## Exercise objective
Return each line of the records holding the string "ezdxf".

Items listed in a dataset
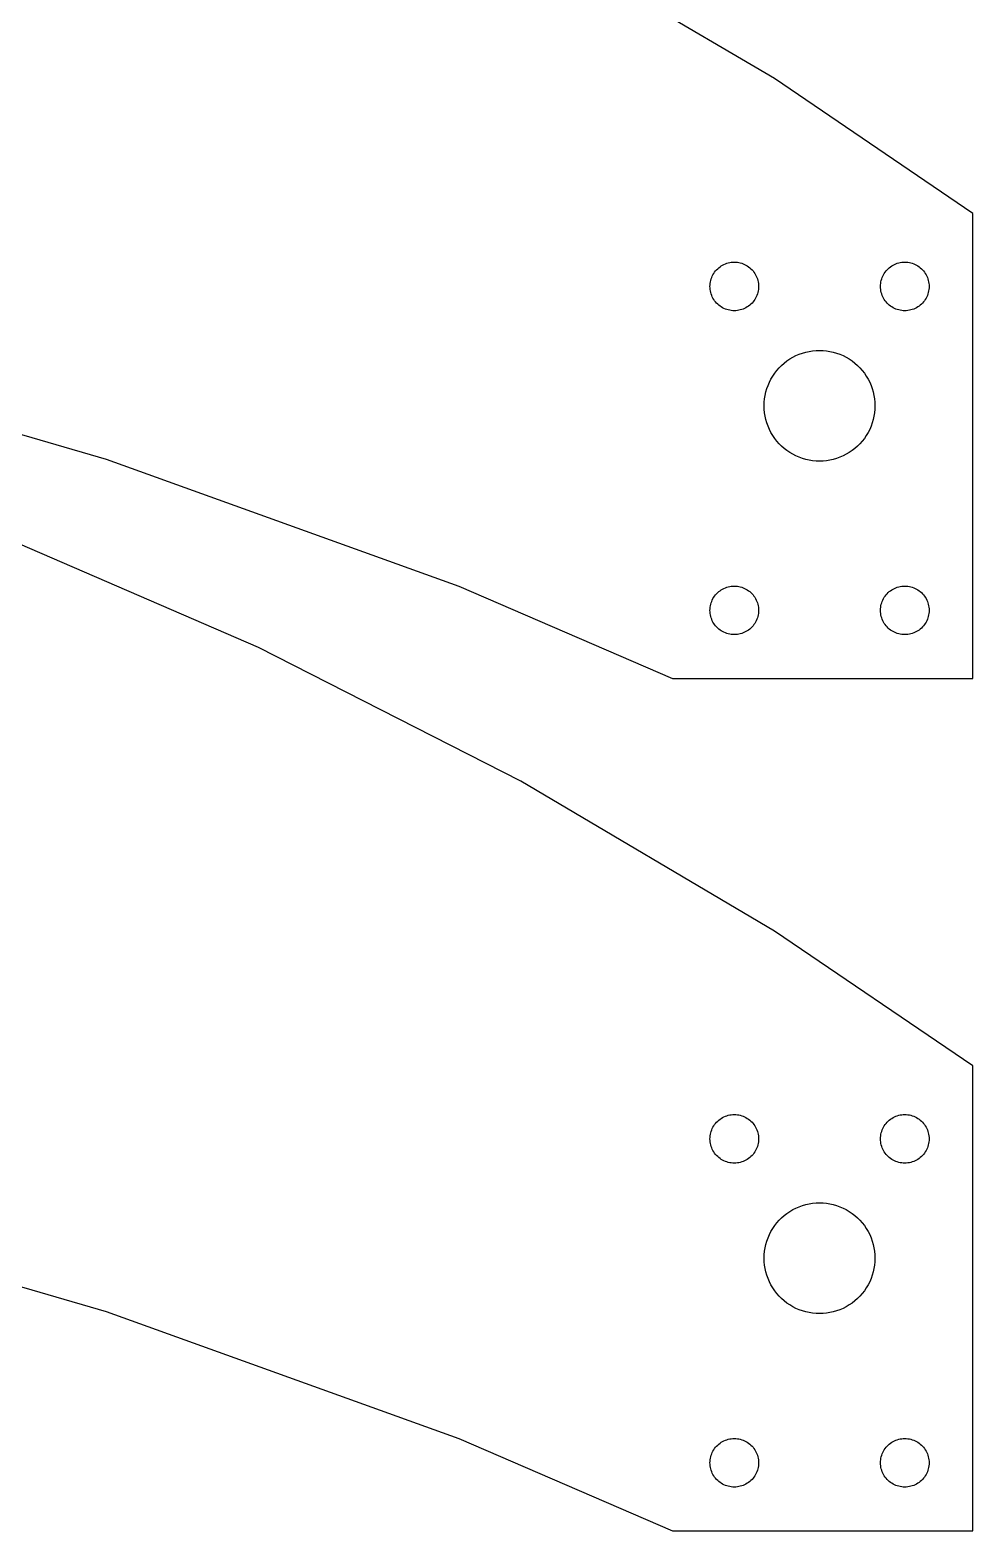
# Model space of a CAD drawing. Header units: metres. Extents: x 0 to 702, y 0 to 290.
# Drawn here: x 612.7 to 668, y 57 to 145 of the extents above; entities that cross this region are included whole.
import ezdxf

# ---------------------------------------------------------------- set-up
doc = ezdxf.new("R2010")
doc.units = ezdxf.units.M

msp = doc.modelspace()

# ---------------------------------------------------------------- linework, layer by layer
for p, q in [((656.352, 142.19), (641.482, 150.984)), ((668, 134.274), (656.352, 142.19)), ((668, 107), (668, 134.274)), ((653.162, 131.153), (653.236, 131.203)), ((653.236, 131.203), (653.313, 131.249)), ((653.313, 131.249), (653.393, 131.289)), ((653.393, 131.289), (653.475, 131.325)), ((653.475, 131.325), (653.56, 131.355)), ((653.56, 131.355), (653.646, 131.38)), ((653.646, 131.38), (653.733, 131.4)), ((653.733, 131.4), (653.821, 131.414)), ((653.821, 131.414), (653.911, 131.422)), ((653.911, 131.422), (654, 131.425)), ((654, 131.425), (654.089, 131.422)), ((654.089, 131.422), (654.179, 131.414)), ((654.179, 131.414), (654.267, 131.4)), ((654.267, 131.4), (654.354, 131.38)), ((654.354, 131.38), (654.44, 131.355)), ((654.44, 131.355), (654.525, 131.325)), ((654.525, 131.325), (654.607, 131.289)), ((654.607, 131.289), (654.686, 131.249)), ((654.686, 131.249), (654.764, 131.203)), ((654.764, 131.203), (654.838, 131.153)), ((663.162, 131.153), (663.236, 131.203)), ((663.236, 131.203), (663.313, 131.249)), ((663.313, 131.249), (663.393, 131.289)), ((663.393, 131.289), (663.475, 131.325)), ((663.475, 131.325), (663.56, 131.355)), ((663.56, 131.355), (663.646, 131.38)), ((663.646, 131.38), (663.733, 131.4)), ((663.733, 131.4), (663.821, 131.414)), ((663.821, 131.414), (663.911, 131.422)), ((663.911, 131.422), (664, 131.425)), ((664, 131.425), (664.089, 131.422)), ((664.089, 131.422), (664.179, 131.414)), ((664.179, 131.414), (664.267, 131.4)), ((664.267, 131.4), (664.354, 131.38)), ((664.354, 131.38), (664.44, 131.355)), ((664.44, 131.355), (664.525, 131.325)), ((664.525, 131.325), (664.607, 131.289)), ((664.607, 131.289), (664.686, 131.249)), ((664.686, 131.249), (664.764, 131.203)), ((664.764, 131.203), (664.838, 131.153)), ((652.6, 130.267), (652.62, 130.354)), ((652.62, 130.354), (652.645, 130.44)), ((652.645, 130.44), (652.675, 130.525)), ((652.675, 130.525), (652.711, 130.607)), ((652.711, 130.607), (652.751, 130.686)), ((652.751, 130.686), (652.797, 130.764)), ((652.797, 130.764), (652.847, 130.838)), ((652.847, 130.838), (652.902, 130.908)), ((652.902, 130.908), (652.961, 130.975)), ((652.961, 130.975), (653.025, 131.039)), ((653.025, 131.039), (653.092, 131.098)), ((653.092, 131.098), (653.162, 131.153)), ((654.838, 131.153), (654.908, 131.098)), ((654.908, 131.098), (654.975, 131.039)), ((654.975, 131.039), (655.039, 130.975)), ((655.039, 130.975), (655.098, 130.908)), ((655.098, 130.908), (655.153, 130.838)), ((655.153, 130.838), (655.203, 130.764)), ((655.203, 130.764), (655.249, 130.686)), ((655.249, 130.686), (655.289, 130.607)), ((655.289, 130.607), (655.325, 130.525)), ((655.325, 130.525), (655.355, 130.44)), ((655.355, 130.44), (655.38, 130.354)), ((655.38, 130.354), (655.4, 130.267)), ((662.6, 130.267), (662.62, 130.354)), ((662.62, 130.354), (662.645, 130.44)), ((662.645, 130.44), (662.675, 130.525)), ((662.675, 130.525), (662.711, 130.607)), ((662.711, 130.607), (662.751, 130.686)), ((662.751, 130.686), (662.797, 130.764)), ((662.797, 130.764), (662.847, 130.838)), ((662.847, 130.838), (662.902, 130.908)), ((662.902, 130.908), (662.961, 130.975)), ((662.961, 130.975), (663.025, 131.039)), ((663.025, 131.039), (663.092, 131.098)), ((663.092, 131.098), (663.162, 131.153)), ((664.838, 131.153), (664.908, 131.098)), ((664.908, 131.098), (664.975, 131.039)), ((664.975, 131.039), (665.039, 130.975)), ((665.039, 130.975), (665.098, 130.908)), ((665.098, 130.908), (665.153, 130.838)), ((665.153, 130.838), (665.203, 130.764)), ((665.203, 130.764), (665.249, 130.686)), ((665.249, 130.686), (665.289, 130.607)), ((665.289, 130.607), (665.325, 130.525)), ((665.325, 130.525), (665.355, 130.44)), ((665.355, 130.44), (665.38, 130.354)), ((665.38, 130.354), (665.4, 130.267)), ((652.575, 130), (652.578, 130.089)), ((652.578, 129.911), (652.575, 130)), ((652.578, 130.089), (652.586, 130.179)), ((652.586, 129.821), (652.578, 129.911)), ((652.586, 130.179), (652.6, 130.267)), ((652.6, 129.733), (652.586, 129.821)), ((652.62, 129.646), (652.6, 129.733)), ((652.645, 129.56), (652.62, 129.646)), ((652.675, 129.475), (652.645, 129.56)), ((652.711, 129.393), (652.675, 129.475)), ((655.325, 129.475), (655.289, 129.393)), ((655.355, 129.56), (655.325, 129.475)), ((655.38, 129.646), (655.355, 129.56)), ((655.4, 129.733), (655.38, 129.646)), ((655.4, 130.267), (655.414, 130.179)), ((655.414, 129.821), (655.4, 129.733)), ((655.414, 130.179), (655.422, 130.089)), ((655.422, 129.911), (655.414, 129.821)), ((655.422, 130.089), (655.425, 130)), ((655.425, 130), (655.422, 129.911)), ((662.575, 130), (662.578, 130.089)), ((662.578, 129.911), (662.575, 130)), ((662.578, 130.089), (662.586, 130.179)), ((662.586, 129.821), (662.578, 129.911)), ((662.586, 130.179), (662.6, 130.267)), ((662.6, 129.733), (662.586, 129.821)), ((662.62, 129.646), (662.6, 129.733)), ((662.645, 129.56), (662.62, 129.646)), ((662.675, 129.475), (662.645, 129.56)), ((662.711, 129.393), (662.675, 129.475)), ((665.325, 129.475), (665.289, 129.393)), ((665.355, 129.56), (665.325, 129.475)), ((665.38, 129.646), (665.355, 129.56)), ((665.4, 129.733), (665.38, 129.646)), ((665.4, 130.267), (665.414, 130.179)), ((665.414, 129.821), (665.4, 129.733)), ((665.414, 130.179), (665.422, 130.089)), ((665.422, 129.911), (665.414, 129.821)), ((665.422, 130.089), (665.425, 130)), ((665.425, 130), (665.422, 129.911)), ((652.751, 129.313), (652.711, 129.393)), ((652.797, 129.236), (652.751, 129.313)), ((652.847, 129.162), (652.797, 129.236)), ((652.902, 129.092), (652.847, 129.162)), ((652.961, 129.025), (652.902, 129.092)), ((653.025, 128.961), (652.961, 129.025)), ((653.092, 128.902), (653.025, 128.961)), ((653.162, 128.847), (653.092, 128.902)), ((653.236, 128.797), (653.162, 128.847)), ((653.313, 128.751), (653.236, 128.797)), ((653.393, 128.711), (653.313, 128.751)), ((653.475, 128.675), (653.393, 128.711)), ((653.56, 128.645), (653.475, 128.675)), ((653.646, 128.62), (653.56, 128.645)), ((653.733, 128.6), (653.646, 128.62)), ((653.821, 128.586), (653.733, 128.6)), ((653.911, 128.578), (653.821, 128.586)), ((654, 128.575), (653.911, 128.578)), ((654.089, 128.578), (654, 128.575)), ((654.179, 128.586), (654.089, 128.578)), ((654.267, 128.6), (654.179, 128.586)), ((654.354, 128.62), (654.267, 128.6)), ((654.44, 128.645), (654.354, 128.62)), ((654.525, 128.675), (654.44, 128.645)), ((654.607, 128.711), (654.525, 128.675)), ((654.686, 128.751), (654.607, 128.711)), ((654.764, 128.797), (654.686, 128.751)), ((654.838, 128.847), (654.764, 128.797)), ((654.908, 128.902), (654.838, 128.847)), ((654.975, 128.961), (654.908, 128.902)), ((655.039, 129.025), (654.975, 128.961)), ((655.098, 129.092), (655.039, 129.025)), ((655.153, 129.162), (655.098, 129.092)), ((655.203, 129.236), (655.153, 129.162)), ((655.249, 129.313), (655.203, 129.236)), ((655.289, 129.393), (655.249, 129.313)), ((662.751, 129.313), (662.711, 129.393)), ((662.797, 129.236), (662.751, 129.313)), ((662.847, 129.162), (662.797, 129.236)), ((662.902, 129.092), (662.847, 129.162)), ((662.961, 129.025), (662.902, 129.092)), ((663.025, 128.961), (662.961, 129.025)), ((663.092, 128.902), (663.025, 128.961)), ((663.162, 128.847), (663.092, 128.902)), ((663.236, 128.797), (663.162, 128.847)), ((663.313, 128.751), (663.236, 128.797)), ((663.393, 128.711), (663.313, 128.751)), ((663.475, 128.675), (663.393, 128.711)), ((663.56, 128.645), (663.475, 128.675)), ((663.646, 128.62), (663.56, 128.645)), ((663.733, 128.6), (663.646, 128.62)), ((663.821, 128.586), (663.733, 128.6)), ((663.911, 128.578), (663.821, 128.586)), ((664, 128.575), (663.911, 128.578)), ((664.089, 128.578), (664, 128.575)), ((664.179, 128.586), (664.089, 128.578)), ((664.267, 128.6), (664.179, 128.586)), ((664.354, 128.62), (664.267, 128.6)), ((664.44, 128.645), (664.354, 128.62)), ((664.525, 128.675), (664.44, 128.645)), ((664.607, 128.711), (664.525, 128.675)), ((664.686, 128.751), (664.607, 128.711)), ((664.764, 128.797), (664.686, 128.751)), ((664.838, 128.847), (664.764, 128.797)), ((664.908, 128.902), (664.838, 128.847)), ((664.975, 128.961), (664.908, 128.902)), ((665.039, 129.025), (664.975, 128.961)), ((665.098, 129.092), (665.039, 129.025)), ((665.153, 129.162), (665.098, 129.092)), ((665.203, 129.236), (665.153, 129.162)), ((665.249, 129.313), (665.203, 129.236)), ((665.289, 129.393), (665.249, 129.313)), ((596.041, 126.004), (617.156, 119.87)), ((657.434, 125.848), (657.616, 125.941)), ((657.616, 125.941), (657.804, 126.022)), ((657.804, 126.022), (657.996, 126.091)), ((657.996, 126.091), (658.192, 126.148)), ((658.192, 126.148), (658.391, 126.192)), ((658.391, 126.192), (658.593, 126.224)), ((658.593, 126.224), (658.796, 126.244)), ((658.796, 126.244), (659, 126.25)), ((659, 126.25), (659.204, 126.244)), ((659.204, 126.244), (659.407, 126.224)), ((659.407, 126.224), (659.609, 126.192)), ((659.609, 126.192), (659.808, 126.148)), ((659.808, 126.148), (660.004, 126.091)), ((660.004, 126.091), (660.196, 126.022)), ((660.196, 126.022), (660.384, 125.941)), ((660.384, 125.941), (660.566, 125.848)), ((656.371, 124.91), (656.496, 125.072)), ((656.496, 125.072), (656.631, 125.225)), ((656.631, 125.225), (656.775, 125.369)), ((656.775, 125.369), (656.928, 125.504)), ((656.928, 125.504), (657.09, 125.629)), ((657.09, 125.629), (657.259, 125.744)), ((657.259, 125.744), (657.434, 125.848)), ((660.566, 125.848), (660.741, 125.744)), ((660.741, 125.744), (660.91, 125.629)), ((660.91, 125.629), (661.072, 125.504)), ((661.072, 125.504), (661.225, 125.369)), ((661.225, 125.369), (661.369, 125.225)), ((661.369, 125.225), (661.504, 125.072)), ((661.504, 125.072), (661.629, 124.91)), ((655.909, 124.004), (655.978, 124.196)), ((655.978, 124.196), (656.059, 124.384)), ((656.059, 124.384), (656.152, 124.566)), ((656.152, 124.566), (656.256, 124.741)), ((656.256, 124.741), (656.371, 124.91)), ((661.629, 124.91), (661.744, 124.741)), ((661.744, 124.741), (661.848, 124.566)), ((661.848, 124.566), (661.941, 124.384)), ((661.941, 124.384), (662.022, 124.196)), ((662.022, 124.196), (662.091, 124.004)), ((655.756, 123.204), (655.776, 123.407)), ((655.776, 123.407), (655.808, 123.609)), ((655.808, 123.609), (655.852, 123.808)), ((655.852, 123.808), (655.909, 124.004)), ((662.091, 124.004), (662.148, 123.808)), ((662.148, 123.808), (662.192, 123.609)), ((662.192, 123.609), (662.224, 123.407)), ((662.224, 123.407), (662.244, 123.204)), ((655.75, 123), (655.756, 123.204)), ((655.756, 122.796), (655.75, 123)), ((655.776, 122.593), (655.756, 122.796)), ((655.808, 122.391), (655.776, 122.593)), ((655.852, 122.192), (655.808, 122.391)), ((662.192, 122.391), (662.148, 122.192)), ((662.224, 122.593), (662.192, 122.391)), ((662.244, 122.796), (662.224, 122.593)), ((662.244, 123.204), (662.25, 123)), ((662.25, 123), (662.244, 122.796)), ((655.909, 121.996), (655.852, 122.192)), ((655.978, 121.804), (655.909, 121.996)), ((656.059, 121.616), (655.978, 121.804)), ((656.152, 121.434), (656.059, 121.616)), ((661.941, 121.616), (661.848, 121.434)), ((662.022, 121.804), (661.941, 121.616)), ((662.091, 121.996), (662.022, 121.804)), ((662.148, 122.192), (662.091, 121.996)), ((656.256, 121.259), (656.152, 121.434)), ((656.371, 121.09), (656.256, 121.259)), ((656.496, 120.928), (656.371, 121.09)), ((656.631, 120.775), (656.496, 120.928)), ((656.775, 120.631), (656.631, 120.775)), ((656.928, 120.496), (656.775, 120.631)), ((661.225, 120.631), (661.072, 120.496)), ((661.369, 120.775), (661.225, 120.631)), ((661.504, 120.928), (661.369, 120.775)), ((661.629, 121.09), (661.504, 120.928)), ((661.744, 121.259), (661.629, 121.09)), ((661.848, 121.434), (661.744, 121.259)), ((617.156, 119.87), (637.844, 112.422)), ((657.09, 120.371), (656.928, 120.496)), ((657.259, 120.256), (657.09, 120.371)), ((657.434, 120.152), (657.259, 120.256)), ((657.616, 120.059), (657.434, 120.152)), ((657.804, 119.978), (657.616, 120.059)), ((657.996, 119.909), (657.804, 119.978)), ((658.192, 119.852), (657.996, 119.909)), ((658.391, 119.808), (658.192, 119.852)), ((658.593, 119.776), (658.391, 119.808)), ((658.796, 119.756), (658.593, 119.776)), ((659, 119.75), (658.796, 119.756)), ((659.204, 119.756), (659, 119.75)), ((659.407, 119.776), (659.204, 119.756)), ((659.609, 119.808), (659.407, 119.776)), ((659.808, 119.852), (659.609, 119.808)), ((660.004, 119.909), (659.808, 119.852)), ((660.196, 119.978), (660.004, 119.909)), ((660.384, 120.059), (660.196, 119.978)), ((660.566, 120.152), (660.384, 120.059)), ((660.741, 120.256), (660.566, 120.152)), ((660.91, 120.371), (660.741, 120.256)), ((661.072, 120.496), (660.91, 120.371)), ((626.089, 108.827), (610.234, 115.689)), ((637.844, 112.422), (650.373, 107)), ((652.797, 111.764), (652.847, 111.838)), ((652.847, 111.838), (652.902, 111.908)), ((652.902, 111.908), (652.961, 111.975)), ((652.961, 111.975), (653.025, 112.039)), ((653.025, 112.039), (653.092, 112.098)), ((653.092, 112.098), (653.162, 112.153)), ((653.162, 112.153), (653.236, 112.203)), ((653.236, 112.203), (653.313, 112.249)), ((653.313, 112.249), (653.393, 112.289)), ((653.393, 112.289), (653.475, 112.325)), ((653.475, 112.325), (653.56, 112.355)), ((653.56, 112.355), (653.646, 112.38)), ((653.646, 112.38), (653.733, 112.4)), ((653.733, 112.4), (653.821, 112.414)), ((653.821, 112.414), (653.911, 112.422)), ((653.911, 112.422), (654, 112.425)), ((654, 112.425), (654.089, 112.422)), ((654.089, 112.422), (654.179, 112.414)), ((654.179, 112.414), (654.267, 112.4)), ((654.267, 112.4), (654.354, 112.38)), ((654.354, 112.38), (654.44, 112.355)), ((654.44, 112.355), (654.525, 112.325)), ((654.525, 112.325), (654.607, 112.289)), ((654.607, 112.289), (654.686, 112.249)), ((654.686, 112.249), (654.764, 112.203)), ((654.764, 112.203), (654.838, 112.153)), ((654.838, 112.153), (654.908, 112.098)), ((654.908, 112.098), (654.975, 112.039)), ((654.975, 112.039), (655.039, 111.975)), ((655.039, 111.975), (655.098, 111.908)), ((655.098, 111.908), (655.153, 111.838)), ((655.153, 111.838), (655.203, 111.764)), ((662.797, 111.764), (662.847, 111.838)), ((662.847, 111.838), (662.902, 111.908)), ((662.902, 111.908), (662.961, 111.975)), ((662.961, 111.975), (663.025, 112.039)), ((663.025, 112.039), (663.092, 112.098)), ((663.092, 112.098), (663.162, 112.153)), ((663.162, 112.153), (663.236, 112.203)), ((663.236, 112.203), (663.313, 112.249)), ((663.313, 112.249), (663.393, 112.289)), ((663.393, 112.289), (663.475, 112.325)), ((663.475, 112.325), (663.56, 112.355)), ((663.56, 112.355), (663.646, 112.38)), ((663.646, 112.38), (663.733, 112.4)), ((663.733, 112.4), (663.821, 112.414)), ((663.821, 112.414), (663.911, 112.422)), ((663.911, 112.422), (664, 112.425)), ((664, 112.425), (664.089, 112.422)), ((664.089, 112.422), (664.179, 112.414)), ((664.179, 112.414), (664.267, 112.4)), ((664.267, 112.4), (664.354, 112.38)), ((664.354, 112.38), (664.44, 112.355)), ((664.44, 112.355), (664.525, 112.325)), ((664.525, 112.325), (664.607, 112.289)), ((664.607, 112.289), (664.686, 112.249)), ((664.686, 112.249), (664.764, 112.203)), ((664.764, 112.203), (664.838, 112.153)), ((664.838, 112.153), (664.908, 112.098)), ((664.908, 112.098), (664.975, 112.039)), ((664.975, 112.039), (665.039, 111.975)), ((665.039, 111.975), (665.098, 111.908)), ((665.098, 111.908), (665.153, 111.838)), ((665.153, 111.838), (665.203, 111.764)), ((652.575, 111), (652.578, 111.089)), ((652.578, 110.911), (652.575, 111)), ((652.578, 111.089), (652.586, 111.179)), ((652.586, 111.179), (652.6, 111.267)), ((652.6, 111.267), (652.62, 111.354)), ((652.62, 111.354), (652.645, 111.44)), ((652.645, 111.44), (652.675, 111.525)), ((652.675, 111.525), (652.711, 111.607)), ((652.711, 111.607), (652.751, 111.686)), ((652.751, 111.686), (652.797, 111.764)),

## Answer to this task
import ezdxf
doc = ezdxf.new("R2010")
doc.units = ezdxf.units.M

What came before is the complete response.